Before free agency opened last summer, fans were hopeful to land one of the big names Andrej Sekera, Mike Green, Johnny Oduya. Instead, they got a name right off the bat that wasn’t commonly on anyone’s radar: Beauchemin. "A 35-year old?!” everyone exclaimed in unison. “I thought we were done poaching talent from bridge games and shriner’s clubs!”

MHH Survey Grade: 78.1%

But upon closer examination, people began warming to the idea. This particular 35-year old was a Stanley Cup champion and a key contributor on a number of great Anaheim Ducks defenses for more than a decade. “Perhaps there was more here than we initially thought?”

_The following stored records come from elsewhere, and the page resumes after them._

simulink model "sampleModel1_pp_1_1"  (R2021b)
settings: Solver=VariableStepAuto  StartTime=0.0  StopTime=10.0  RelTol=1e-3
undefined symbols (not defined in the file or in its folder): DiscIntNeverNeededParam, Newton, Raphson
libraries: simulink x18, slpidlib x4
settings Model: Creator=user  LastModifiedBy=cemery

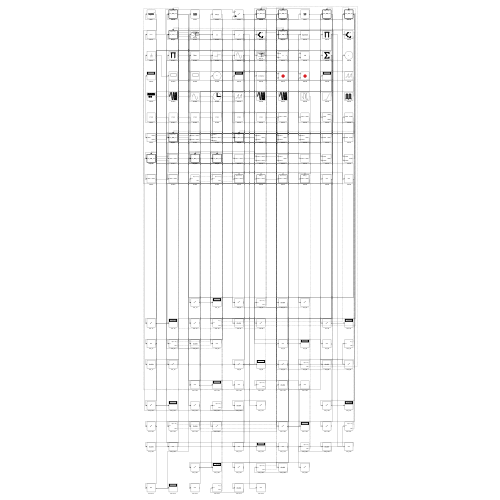
[thumbnail: Simulink's stored preview of the top-level diagram]
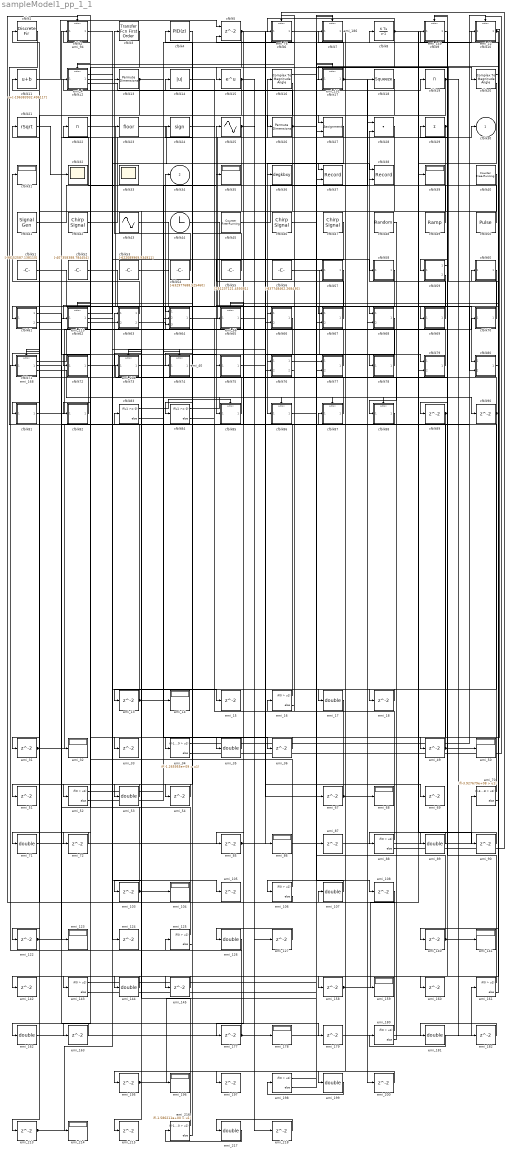
== system sampleModel1_pp_1_1 ==
  cfblk1 : DiscreteFir  SampleTime=1
  cfblk10 : Subsystem  TreatAsAtomicUnit=on
  cfblk11 : Bias  Bias=[-196383932.496117]
  cfblk12 : Subsystem  TreatAsAtomicUnit=on
  cfblk13 : PermuteDimensions
  cfblk14 : Abs
  cfblk15 : Math  SaturateOnIntegerOverflow=on
  cfblk16 : ComplexToMagnitudeAngle
  cfblk17 : Subsystem  TreatAsAtomicUnit=on
  cfblk18 : Squeeze
  cfblk19 : Product  Inputs=*
  cfblk2 : Subsystem  TreatAsAtomicUnit=on
  cfblk20 : ComplexToMagnitudeAngle
  cfblk21 : Sqrt  Operator=rSqrt  AlgorithmType=Newton-Raphson  SaturateOnIntegerOverflow=on
  cfblk22 : Product  Inputs=*
  cfblk23 : Rounding
  cfblk24 : Signum
  cfblk25 : Sin  TimeSource=Use external signal  SampleTime=0
  cfblk26 : PermuteDimensions
  cfblk27 : Assignment  DiagnosticForDimensions=Warning  IndexOptions=Index vector (dialog)  Indices=1  OutputSizes=1
  cfblk28 : DotProduct  InputSameDT=on  OutDataTypeStr=Inherit: Inherit via internal rule
  cfblk29 : Sum  Inputs=+
  cfblk3 : simulink/Discrete/Transfer Fcn First Order  PoleZ=0.95  ICPrevOutput=0.0  DoSatur=off
  cfblk31 : Display
  cfblk32 : Scope
  cfblk33 : Scope
      settings: Floating=on
  cfblk35 : Display
  cfblk36 : ToWorkspace  VariableName=degkbxy  SaveFormat=Timeseries  SampleTime=-1
  cfblk37 : Record  FileSettingsInternal="{\"entries\":[{\"content\":{\"excelSettings\":{\"content\":{},\"type\":\"Streamout.ExcelSettings\"}},\"type\":\"Streamout.FileSettingStorage\",\"uuid\":\"f10d7984-3c8e-4a01-b437-64e6950a7f1c\"}],\"packageUris\":[\"http://schema.mathworks.com/mf0/streamout_blocks/R2020a\"],\"version\":\"1.0\"}"  Layout=[1 1]  SignalsInternal="{\"entries\":[{\"content\":{\"signals\":[{\"content\":{\"blockPath\":[\"sampleModel1_pp_1_1/cfblk37\"],\"channel\":[],\"dimensions\":[1],\"domain\":\"sampleModel1_pp_1_1/cfblk37\",\"lineColor\":\"#77ac30\",\"plots\":[],\"port\":1,\"sid\":[\"\"],\"signalID\":978,\"signalName\":\"cfblk14\"},\"type\":\"RecordBlkView.Signal\",\"uuid\":\"64c2965d-c8c3-42f9-aeb4-1a9e7a6147a8\"},{\"content\":{\"blockPath\":[\"sampleModel1_pp_1_1/cfblk37\"],\"channel\":[],\"dimensions\":[1],\"domain\":\"sampleModel1_pp_1_1/cfblk37\",\"lineColor\":\"#4dbeee\",\"plots\":[],\"port\":2,\"sid\":[\"\"],\"signalID\":982,\"signalName\":\"cfblk16:1\"},\"type\":\"RecordBlkView.Signal\",\"uuid\":\"42395b9b-3004-4283-a0bf-fe2a9eef8989\"}]},\"type\":\"RecordBlkView.InputSignals\",\"uuid\":\"5b0a9ef9-d487-431f-a20f-830121fcf74f\"}],\"packageUris\":[\"http://schema.mathworks.com/mf0/streamout_blocks/R2020a\"],\"version\":\"1.0\"}"  VisualizationBindings="{\"xyplotplugin\":{\"info\":[{\"series\":[],\"subplotID\":1}]}}"  CompatibilityTag=XY
  cfblk38 : Record  FileSettingsInternal="{\"entries\":[{\"content\":{\"excelSettings\":{\"content\":{},\"type\":\"Streamout.ExcelSettings\"}},\"type\":\"Streamout.FileSettingStorage\",\"uuid\":\"de5ebdad-7bfa-474c-9602-9eb7a528d104\"}],\"packageUris\":[\"http://schema.mathworks.com/mf0/streamout_blocks/R2020a\"],\"version\":\"1.0\"}"  Layout=[1 1]  SignalsInternal="{\"entries\":[{\"content\":{\"signals\":[{\"content\":{\"blockPath\":[\"sampleModel1_pp_1_1/cfblk38\"],\"channel\":[],\"dimensions\":[1],\"domain\":\"sampleModel1_pp_1_1/cfblk38\",\"lineColor\":\"#a2142f\",\"plots\":[],\"port\":1,\"sid\":[\"\"],\"signalID\":986,\"signalName\":\"cfblk2\"},\"type\":\"RecordBlkView.Signal\",\"uuid\":\"59823cac-66f4-4fb3-a1c8-ec7d4885dc8b\"},{\"content\":{\"blockPath\":[\"sampleModel1_pp_1_1/cfblk38\"],\"channel\":[],\"dimensions\":[1],\"domain\":\"sampleModel1_pp_1_1/cfblk38\",\"lineColor\":\"#139fff\",\"plots\":[],\"port\":2,\"sid\":[\"\"],\"signalID\":990,\"signalName\":\"cfblk49\"},\"type\":\"RecordBlkView.Signal\",\"uuid\":\"f4fb396b-3304-46b4-a061-728441c3573f\"}]},\"type\":\"RecordBlkView.InputSignals\",\"uuid\":\"8e89f174-1f5e-4363-8739-2fa17bc2ac55\"}],\"packageUris\":[\"http://schema.mathworks.com/mf0/streamout_blocks/R2020a\"],\"version\":\"1.0\"}"  VisualizationBindings="{\"xyplotplugin\":{\"info\":[{\"series\":[],\"subplotID\":1}]}}"  CompatibilityTag=XY
  cfblk39 : Display
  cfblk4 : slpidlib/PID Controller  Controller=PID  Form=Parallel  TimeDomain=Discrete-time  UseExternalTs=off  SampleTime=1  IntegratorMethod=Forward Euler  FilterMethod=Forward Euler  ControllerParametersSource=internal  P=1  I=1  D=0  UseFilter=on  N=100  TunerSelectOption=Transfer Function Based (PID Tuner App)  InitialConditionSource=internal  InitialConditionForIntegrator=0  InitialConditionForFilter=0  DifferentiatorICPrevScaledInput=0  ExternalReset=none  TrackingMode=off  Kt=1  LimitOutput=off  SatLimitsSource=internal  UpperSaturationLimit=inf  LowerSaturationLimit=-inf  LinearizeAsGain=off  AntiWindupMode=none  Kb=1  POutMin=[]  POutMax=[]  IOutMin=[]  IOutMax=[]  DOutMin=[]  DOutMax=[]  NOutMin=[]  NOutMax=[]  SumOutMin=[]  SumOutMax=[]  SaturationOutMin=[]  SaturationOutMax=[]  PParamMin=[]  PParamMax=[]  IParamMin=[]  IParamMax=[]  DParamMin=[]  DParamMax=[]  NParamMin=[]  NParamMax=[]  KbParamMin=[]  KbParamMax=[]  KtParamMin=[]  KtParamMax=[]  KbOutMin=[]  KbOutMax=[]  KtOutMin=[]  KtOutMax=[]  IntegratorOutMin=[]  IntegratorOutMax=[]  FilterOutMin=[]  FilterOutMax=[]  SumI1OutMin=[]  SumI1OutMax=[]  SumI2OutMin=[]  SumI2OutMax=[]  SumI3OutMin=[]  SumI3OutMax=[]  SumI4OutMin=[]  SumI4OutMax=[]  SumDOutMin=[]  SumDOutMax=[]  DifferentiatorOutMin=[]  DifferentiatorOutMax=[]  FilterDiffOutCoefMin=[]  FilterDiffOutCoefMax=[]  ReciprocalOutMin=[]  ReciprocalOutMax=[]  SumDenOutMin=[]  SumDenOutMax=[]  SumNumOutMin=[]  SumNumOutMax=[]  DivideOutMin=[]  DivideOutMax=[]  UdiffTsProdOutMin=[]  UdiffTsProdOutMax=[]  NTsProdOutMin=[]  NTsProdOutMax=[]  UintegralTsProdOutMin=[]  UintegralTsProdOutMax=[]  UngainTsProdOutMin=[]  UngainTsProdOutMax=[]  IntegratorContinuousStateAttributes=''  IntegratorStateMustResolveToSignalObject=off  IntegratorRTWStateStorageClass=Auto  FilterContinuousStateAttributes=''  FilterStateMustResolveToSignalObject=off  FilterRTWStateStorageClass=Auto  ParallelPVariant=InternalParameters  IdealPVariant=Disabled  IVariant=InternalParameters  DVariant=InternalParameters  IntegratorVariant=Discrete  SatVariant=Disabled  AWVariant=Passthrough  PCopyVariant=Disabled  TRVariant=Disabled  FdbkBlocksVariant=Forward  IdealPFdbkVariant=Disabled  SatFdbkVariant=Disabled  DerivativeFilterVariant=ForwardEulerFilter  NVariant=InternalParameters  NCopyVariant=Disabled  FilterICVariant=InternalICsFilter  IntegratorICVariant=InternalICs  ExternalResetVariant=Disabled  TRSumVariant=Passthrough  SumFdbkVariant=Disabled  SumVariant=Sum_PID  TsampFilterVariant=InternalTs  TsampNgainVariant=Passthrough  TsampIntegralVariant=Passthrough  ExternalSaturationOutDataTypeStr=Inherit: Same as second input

The answer came as soon as Beauchemin stepped on the ice for Colorado during September’s training camp. It was immediately clear to anyone in attendance the veteran brought a great deal of strength and skill, and bossed around the young blue liners in attendance like the pee-wee league runts they were when he broke into the league. Beauchemin led drills, got on players for missed assignments, and brought a consistent effort between whistles.

And when the season started, he got off to a blistering start, scoring five points in his first two games and quickly endearing himself to the Avalanche faithful. He played big top-pairing minutes with Erik Johnson, put in time on the power play, and continued being a vocal leader to a defense group that struggled to gain momentum through the first month.

It wasn’t all roses. Many warned early in the year that Beauchemin’s production wasn’t sustainable playing twenty-five minutes a night, and they were right. He only scored eight points in his final forty games and slowly lost special teams time to younger players. But it’s not like regressed into “bad” — just not top-pairing.

Certainly, no one is complaining that he played all 82 games (one of five Avs to do so), and I’d argue the best defensive pairing all year was Beauchemin and Nikita Zadorov for a four-game stretch in January. The possession numbers weren’t pretty, but considering he got every hard assignment and every hard faceoff all season long, is this really the metric by which we should be judging him?

MHH Staff Grade: B

Look, the three-year contract is going to be a tough pill to swallow in 2017, but you can’t ask much more from a free-agent signing. He scored 34 points, which is just two shy of his career high, and did so under the most difficult on-ice circumstances. We’re looking forward to next year, when he might slide down to second pairing minutes and cede those twenty-five minutes a game to someone like Zadorov or Chris Bigras.